The nuts and bolts of a US Cis-Lunar commercial services  program for the Gateway is already underway in NextSTEP 2,  Connercial Crew and Commercial Resupply Services 2 with more coming. SpaceX's ginormous BFS spaceship should also be there.

 

Russias new Soyuz 5 launcher and Federation crew vehicle should be ready by then, as should a Soyuz 5 based heavy lift launcher.

 

http://m.aviationweek.com/space-symposium/russia-wants-lunar-gateway-be-global-project

Quote

Russia Wants Lunar Gateway To Be Global Project

COLORADO SPRINGS—The International Space Station (ISS) partnership should take on the development and operation of NASA’s planned Lunar Orbital Platform-Gateway as part of an expanded, multilateral approach to space exploration and development, Sergei Krikalev, director of human spaceflight for the Russian space agency Roscosmos, said April 18.

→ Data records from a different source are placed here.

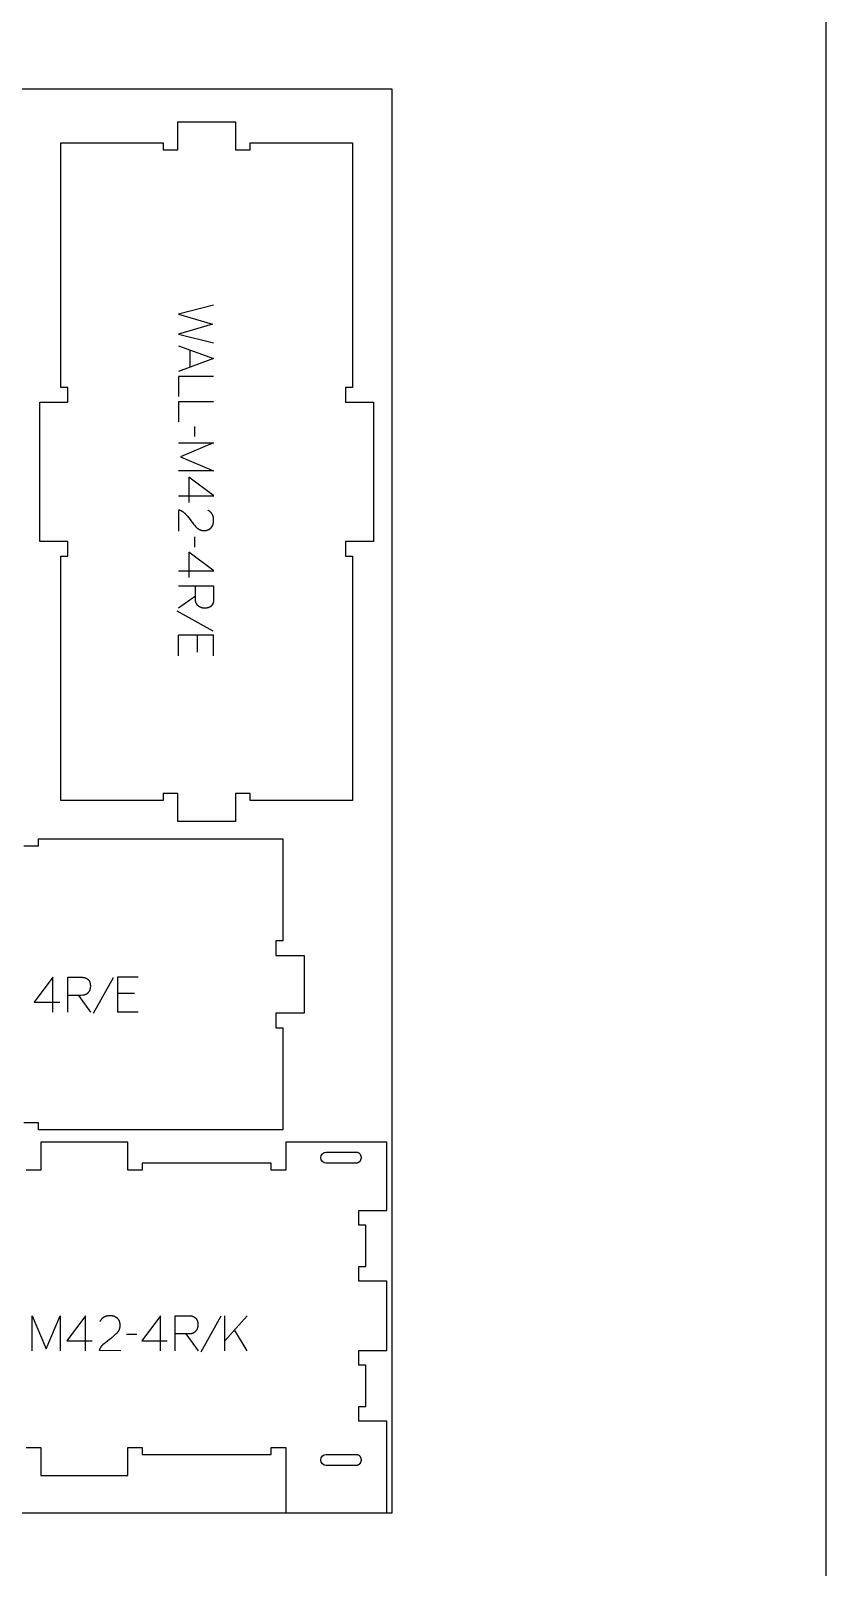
# Model space of a CAD drawing. Extents: x -10701 to -7518, y -43691 to -36097.
# Drawn here: x -8199 to -7518, y -40708 to -39391 of the extents above; entities that cross this region are included whole.
import ezdxf

# ---------------------------------------------------------------- set-up
doc = ezdxf.new("R2010")
doc.units = 0
for name, color, linetype in [('0_SHEET_SPRUCEPLY_2440X122', 1, 'CONTINUOUS'), ('1_ANYTOOL_1MMDEEP_LABELS_S', 2, 'CONTINUOUS'), ('3_ANYTOOL_CUTTHROUGH_INSID', 4, 'CONTINUOUS'), ('4_ANYTOOL_CUTTHROUGH_OUTSI', 5, 'CONTINUOUS'), ('DONOTCUT', 18, 'CONTINUOUS')]:
    doc.layers.add(name, color=color, linetype=linetype)

msp = doc.modelspace()

# ---------------------------------------------------------------- linework, layer by layer
at = {"layer": '0_SHEET_SPRUCEPLY_2440X122'}
msp.add_lwpolyline([(-10329.7, -39441.2), (-10329.7, -40661.2), (-7889.7, -40661.2), (-7889.7, -39441.2)], close=True, dxfattribs=at)
at = {"layer": '1_ANYTOOL_1MMDEEP_LABELS_S'}
for points in [[(-8042.6, -39626.5), (-8072.6, -39634.2), (-8043.5, -39642.7), (-8072.6, -39651.2), (-8042.6, -39658.7)], [(-8072.6, -39661.2), (-8042.6, -39672.1), (-8072.6, -39683.2)], [(-8063, -39664.7), (-8063, -39679.6)], [(-8042.6, -39687.5), (-8072.6, -39687.5), (-8072.6, -39704.6)], [(-8042.6, -39709.3), (-8072.6, -39709.3), (-8072.6, -39726.4)], [(-8058.7, -39739), (-8058.8, -39730.2)], [(-8072.6, -39744.2), (-8042.6, -39744.2), (-8070.9, -39756.2), (-8042.7, -39768.2), (-8072.6, -39768.2)], [(-8072.6, -39789.7), (-8042.5, -39789.8), (-8063.9, -39773.7)], [(-8063.9, -39773.7), (-8063.9, -39795.5)], [(-8072.5, -39819.9), (-8072.5, -39801.6), (-8072, -39801.8), (-8071.8, -39801.8), (-8071.6, -39801.9), (-8071.3, -39802), (-8071.1, -39802.1), (-8070.9, -39802.2), (-8070.7, -39802.3), (-8070.5, -39802.4), (-8070.3, -39802.5), (-8070.1, -39802.6), (-8069.9, -39802.7), (-8069.7, -39802.8), (-8069.5, -39802.9), (-8069.3, -39803.1), (-8069.1, -39803.2), (-8068.9, -39803.3), (-8068.7, -39803.5), (-8068.5, -39803.6), (-8068.3, -39803.7), (-8068.2, -39803.9), (-8068, -39804), (-8067.8, -39804.2), (-8067.6, -39804.3), (-8067.5, -39804.5), (-8067.3, -39804.6), (-8067.1, -39804.8), (-8067, -39805), (-8066.8, -39805.1), (-8066.6, -39805.3), (-8066.3, -39805.7), (-8065.1, -39807.1), (-8063.9, -39808.6), (-8062.8, -39810.1), (-8061.6, -39811.7), (-8061.1, -39812.4), (-8060.5, -39813.2), (-8059.9, -39813.9), (-8059.3, -39814.6), (-8058.7, -39815.2), (-8058.1, -39815.9), (-8057.5, -39816.5), (-8056.9, -39817.1), (-8056.8, -39817.2), (-8056.6, -39817.4), (-8056.4, -39817.5), (-8056.3, -39817.6), (-8056.1, -39817.8), (-8055.9, -39817.9), (-8055.8, -39818), (-8055.6, -39818.1), (-8055.4, -39818.2), (-8055.2, -39818.3), (-8055.1, -39818.4), (-8054.9, -39818.5), (-8054.7, -39818.6), (-8054.5, -39818.7), (-8054.3, -39818.8), (-8054.1, -39818.9), (-8053.9, -39818.9), (-8053.7, -39819), (-8053.5, -39819.1), (-8053.4, -39819.1), (-8053.1, -39819.2), (-8052.9, -39819.2), (-8052.7, -39819.3), (-8052.5, -39819.3), (-8052.3, -39819.3), (-8052.1, -39819.4), (-8051.9, -39819.4), (-8051.7, -39819.4), (-8051.5, -39819.4), (-8051.2, -39819.4), (-8051, -39819.4), (-8050.8, -39819.5), (-8050.5, -39819.4), (-8050.3, -39819.4), (-8050, -39819.4), (-8049.8, -39819.4), (-8049.6, -39819.4), (-8049.3, -39819.4), (-8049.1, -39819.3), (-8048.9, -39819.3), (-8048.7, -39819.3), (-8048.5, -39819.2), (-8048.2, -39819.2), (-8048, -39819.1), (-8047.8, -39819), (-8047.6, -39819), (-8047.4, -39818.9), (-8047.2, -39818.8), (-8047, -39818.7), (-8046.9, -39818.7), (-8046.7, -39818.6), (-8046.5, -39818.5), (-8046.3, -39818.4), (-8046.2, -39818.3), (-8046, -39818.1), (-8045.8, -39818), (-8045.7, -39817.9), (-8045.5, -39817.8), (-8045.4, -39817.7), (-8045.2, -39817.5), (-8045.1, -39817.4), (-8044.9, -39817.2), (-8044.8, -39817.1), (-8044.7, -39816.9), (-8044.5, -39816.8), (-8044.4, -39816.6), (-8044.3, -39816.4), (-8044.2, -39816.3), (-8044, -39816.1), (-8043.9, -39815.9), (-8043.8, -39815.8), (-8043.7, -39815.6), (-8043.6, -39815.4), (-8043.5, -39815.2), (-8043.5, -39815), (-8043.4, -39814.8), (-8043.3, -39814.6), (-8043.2, -39814.5), (-8043.1, -39814.3), (-8043.1, -39814.1), (-8043, -39813.9), (-8043, -39813.7), (-8042.9, -39813.5), (-8042.8, -39813.2), (-8042.8, -39813), (-8042.8, -39812.8), (-8042.7, -39812.6), (-8042.7, -39812.4), (-8042.7, -39812.2), (-8042.6, -39811.9), (-8042.6, -39811.7), (-8042.6, -39811.5), (-8042.6, -39811.2), (-8042.6, -39811), (-8042.6, -39810.5), (-8042.6, -39810.2), (-8042.6, -39809.8), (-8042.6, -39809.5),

NASA intends to build the gateway beginning with the 2022 launch of a power and propulsion module. The outpost is intended to serve as a staging platform for human sorties to the lunar surface and a base to assemble spacecraft for eventual journeys to Mars.

Roscosmos proposes to add a research module to the gateway and fly crews there using a superheavy-lift rocket and manned spaceship.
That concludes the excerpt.